Patients with inflammatory bowel disease (IBD) often have anemia which is recognized as a complication. Divalent metal-ion transporter 1 (DMT1) and ferroportin 1 (Fpn1) have been reported to play important roles in the hemogenesis. In this study, we aimed to investigate the potential role of DMT1 and Fpn1 in the pathogenesis of anemia.

Methods

We performed a retrospective study including 71 patients with Crohn's disease (CD), 31 patients with ulcerative colitis (UC), and 30 healthy age-matched healthy donors.

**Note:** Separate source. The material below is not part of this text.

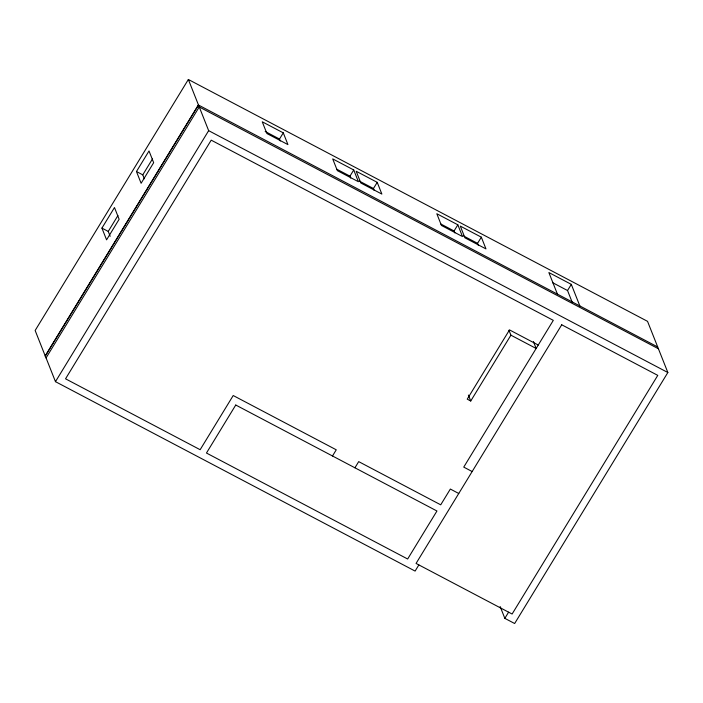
<?xml version="1.0" encoding="UTF-8"?>
<svg xmlns="http://www.w3.org/2000/svg" width="703" height="703" viewBox="0 0 703 703"><rect width="100%" height="100%" fill="white"/><g stroke="black" fill="none" stroke-linecap="round" stroke-linejoin="round"><path stroke-width="1.05" d="M500.167 606.557L504.833 618.35L514.649 623.517L667.85 372.52L647.533 321.341L188.351 79.483L35.15 330.48L46.029 357.959L199.257 106.918M101.926 228.106L114.484 207.534L119.132 219.274L106.575 239.846L101.926 228.106L108.236 231.428L110.178 236.322M136.461 171.532L149.018 150.96L153.667 162.701L141.11 183.272L136.461 171.532L142.771 174.854L144.317 178.764M108.236 231.428L117.946 215.531M142.771 174.854L152.472 158.957M45.177 355.973L198.378 104.975L657.674 346.957M45.291 356.096L198.536 104.975M418.865 564.913L415.104 571.082L55.467 381.659L208.659 130.661L188.351 79.483M280.286 140.987L279.513 139.036L283.283 132.858L262.245 121.786L266.894 133.526L287.931 144.598L283.283 132.858M350.744 178.096L349.971 176.145L353.732 169.968L332.704 158.896L337.352 170.636L358.381 181.708L353.732 169.968M374.224 190.469L373.451 188.509L377.221 182.341L356.193 171.26L360.832 183L381.87 194.081L377.221 182.341M454.85 232.93L454.076 230.979L457.838 224.802L436.809 213.73L441.458 225.47L462.486 236.542L457.838 224.802M332.493 455.983L336.262 449.806L233.211 395.534L200.144 449.709L65.537 378.812L211.208 140.161L553.314 320.357L463.743 467.108L472.152 471.537M478.33 245.303L477.557 243.343L481.327 237.175L460.298 226.094L464.947 237.834L485.975 248.915L481.327 237.175M354.927 467.794L358.697 461.625L440.719 504.824L450.351 489.051L458.76 493.488M538.252 345.041L509.508 329.9L467.231 399.163L470.738 401.009L510.914 335.182L508.963 330.234M572.207 302.316L567.541 290.532L571.302 284.355L548.867 272.544L557.426 294.153M504.833 618.35L508.603 612.172M552.584 282.65L567.541 290.532M265.172 131.479L279.513 139.036M336.588 169.098L349.971 176.145M359.11 180.961L373.451 188.509M440.693 223.923L454.076 230.979M463.215 235.795L477.557 243.343M199.23 106.961L658.447 348.776M208.659 130.661L667.85 372.52M510.914 335.182L536.152 348.468L533.41 341.544M571.302 284.355L579.861 305.972M468.383 395.077L470.738 401.009M46.064 357.915L55.467 381.659M235.751 405.025L206.454 453.031L407.652 559.008L436.95 511.002L235.751 405.025M561.732 324.786L416.062 563.437L512.109 614.027L657.771 375.376L561.732 324.786"/></g></svg>

Hemoglobin (Hb), serum iron, ferritin, transferrin, transferrin receptor, total iron binding capacity, folic acid, vitamin B12, erythropoietin (Epo) and C-reactive protein (CRP) were detected, and expressions of DMT1 and Fpn1 in inflamed mucosa of IBD patients or normal controls were determined by quantitative real-time polymerase chain reaction and immunohistochemistry.

Results

In 102 patients with IBD, 87.71% of patients in CD and 68.70% in UC had anemia. The levels of serum iron in IBD patients with anemia were significantly lower than controls (P < 0.05). Serum iron showed a significant correlation with levels of Hb in both CD and UC patients (P < 0.05). However, the concentrations of folate and vitamin B12 were not related with Hb in this kind of anemia. Furthermore, DMT1 was found to be significantly decreased in the inflamed mucosa of IBD patients, but Fpn1 expression was markedly increased in intestinal tissues compared with normal controls (P < 0.05).

Conclusion

Anemia is commonly seen in IBD patients and mainly caused by lack of serum iron. Decreased expression of DMT1 in intestinal mucosa leads to compromised transfer of iron into intestinal epithelial cells. Thus, this work provides a therapeutic approach in the management of anemia in IBD.